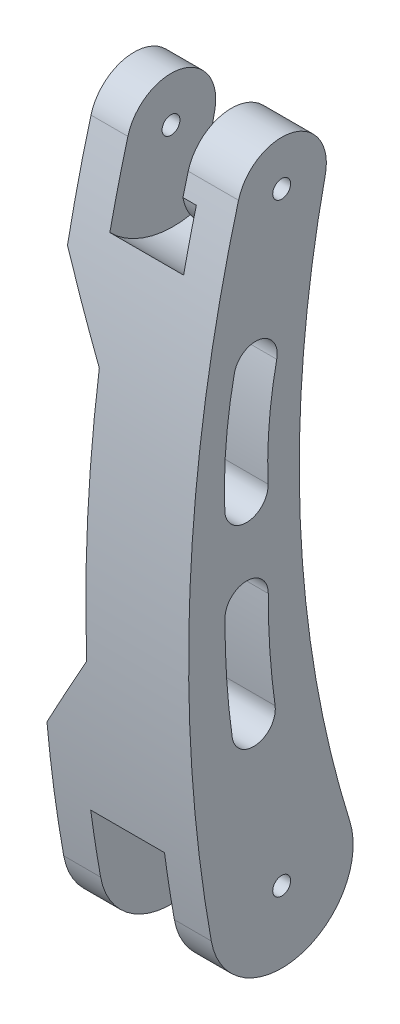
from build123d import *

# Parameters (mm, degrees)
SKETCH1_R               = 2
BOSS_EXTRUDE1_DEPTH     = 33
CUT_EXTRUDE1_DEPTH      = 13.5
CUT_EXTRUDE2_DEPTH      = 16.5
SKETCH4_R               = 2
CUT_EXTRUDE3_DEPTH      = 5
CUT_EXTRUDE4_DEPTH      = 3
CUT_EXTRUDE5_DEPTH      = 151.15655797
CUT_EXTRUDE5_DEPTH_BACK = 151.15655797


with BuildPart() as part:
    # Sketch1 → Boss-Extrude1 (new body)
    with BuildSketch(Plane(origin=(0, 0, 0), x_dir=(0, 0, -1), z_dir=(1, 0, 0))):
        with BuildLine():
            ThreePointArc((-15.746923292, -2.834502924), (3.806207647, -15.54068156), (15.274538651, 4.763241437))
            ThreePointArc((15.274538651, 4.763241437), (4.169990688, 68.449264041), (9.766892503, 132.853418803))
            ThreePointArc((9.766892503, 132.853418803), (2.382772527, 144.71197174), (-9.651340082, 137.617562724))
            ThreePointArc((-9.651340082, 137.617562724), (-20.507516508, 67.730411775), (-15.746923292, -2.834502924))
        make_face()
        with Locations((0, 135)):
            Circle(SKETCH1_R, mode=Mode.SUBTRACT)
        Circle(SKETCH1_R, mode=Mode.SUBTRACT)
        with BuildLine():
            ThreePointArc((-12.675406771, 58.150621112), (-12.300365948, 46.179147672), (-11.058070356, 34.266400985))
            ThreePointArc((-11.058070356, 34.266400985), (-5.587650283, 30.149080215), (-1.470329513, 35.619500288))
            ThreePointArc((-1.470329513, 35.619500288), (-2.639739364, 46.833323654), (-2.992776465, 58.102428263))
            ThreePointArc((-2.992776465, 58.102428263), (-7.809995194, 62.967839841), (-12.675406771, 58.150621112))
        make_face(mode=Mode.SUBTRACT)
        with BuildLine():
            ThreePointArc((-10.574940666, 104.538451831), (-12.44695641, 91.799336957), (-12.717862815, 78.926260385))
            ThreePointArc((-12.717862815, 78.926260385), (-7.68030208, 74.289364014), (-3.04340571, 79.326924749))
            ThreePointArc((-3.04340571, 79.326924749), (-2.79792055, 90.992020929), (-1.101570529, 102.535726074))
            ThreePointArc((-1.101570529, 102.535726074), (-4.836892719, 108.273774021), (-10.574940666, 104.538451831))
        make_face(mode=Mode.SUBTRACT)
    extrude(amount=BOSS_EXTRUDE1_DEPTH)

    # Sketch2 → Cut-Extrude1 (cut)
    with BuildSketch(Plane.ZY.offset(-8.25)):
        with BuildLine():
            ThreePointArc((9.651340082, 137.617562724), (-2.382772527, 144.71197174), (-9.766892503, 132.853418803))
            ThreePointArc((-9.766892503, 132.853418803), (-8.074404211, 124.471332441), (-6.669573364, 116.036266424))
            ThreePointArc((-6.669573364, 116.036266424), (4.209591857, 115.639688485), (13.684813674, 121.000069207))
            ThreePointArc((13.684813674, 121.000069207), (11.779096359, 129.335763119), (9.651340082, 137.617562724))
        make_face()
    extrude(amount=-CUT_EXTRUDE1_DEPTH, mode=Mode.SUBTRACT)

    # Sketch3 → Cut-Extrude2 (cut)
    with BuildSketch(Plane.ZY.offset(-8.25)):
        with BuildLine():
            ThreePointArc((15.746923292, -2.834502924), (16.932948663, 4.203707123), (17.961705011, 11.266618507))
            ThreePointArc((17.961705011, 11.266618507), (4.818924594, 21.467521501), (-11.493429399, 18.196710256))
            ThreePointArc((-11.493429399, 18.196710256), (-13.290230642, 11.453587146), (-15.274538651, 4.763241437))
            ThreePointArc((-15.274538651, 4.763241437), (-3.806207647, -15.54068156), (15.746923292, -2.834502924))
        make_face()
    extrude(amount=-CUT_EXTRUDE2_DEPTH, mode=Mode.SUBTRACT)

    # Sketch4 → Cut-Extrude3 (cut)
    with BuildSketch(Plane.ZY):
        with BuildLine():
            Line((5.508484382, 3.419742698), (6.214100211, 16.883694767))
            ThreePointArc((6.214100211, 16.883694767), (4.158233816, 19.562952015), (1.190354311, 17.951524922))
            Line((1.190354311, 17.951524922), (-3.641316221, 5.364592854))
            ThreePointArc((-3.641316221, 5.364592854), (-3.710000961, 5.241267271), (-3.810417562, 5.14205387))
            ThreePointArc((-3.810417562, 5.14205387), (-1.330634821, -6.260144645), (5.572451385, 3.147663508))
            ThreePointArc((5.572451385, 3.147663508), (5.521069981, 3.279142571), (5.508484382, 3.419742698))
        make_face()
        Circle(SKETCH4_R, mode=Mode.SUBTRACT)
    extrude(amount=-CUT_EXTRUDE3_DEPTH, mode=Mode.SUBTRACT)

    # Sketch6 → Cut-Extrude4 (cut)
    with BuildSketch(Plane.ZY.offset(-21.75)):
        with BuildLine():
            ThreePointArc((-6.669573364, 116.036266424), (-7.677372534, 122.259874843), (-8.841790135, 128.456090831))
            ThreePointArc((-8.841790135, 128.456090831), (2.534260756, 124.295910948), (10.837329247, 133.115246758))
            ThreePointArc((10.837329247, 133.115246758), (12.319974341, 127.07150219), (13.684813674, 121.000069207))
            ThreePointArc((13.684813674, 121.000069207), (4.209591857, 115.639688485), (-6.669573364, 116.036266424))
        make_face()
    extrude(amount=-CUT_EXTRUDE4_DEPTH, mode=Mode.SUBTRACT)

    # Sketch8 → Cut-Extrude5 (cut, two sides: drawn at the far end of the back side and taken through both)
    with BuildSketch(Plane.XY.offset(-CUT_EXTRUDE5_DEPTH_BACK)):
        Polygon((0, 115.000069207), (0, 25), (10, 42.320508076), (10, 97.679561131), align=None)
    extrude(amount=CUT_EXTRUDE5_DEPTH + CUT_EXTRUDE5_DEPTH_BACK, mode=Mode.SUBTRACT)


solid = part.part

•••••

[Aim of the task] If a line in the entries above has the word "Plane", copy it.

[Solution to the problem]
    with BuildSketch(Plane(origin=(0, 0, 0), x_dir=(0, 0, -1), z_dir=(1, 0, 0))):
    with BuildSketch(Plane.ZY.offset(-8.25)):
    with BuildSketch(Plane.ZY.offset(-8.25)):
    with BuildSketch(Plane.ZY):
    with BuildSketch(Plane.ZY.offset(-21.75)):
    with BuildSketch(Plane.XY.offset(-CUT_EXTRUDE5_DEPTH_BACK)):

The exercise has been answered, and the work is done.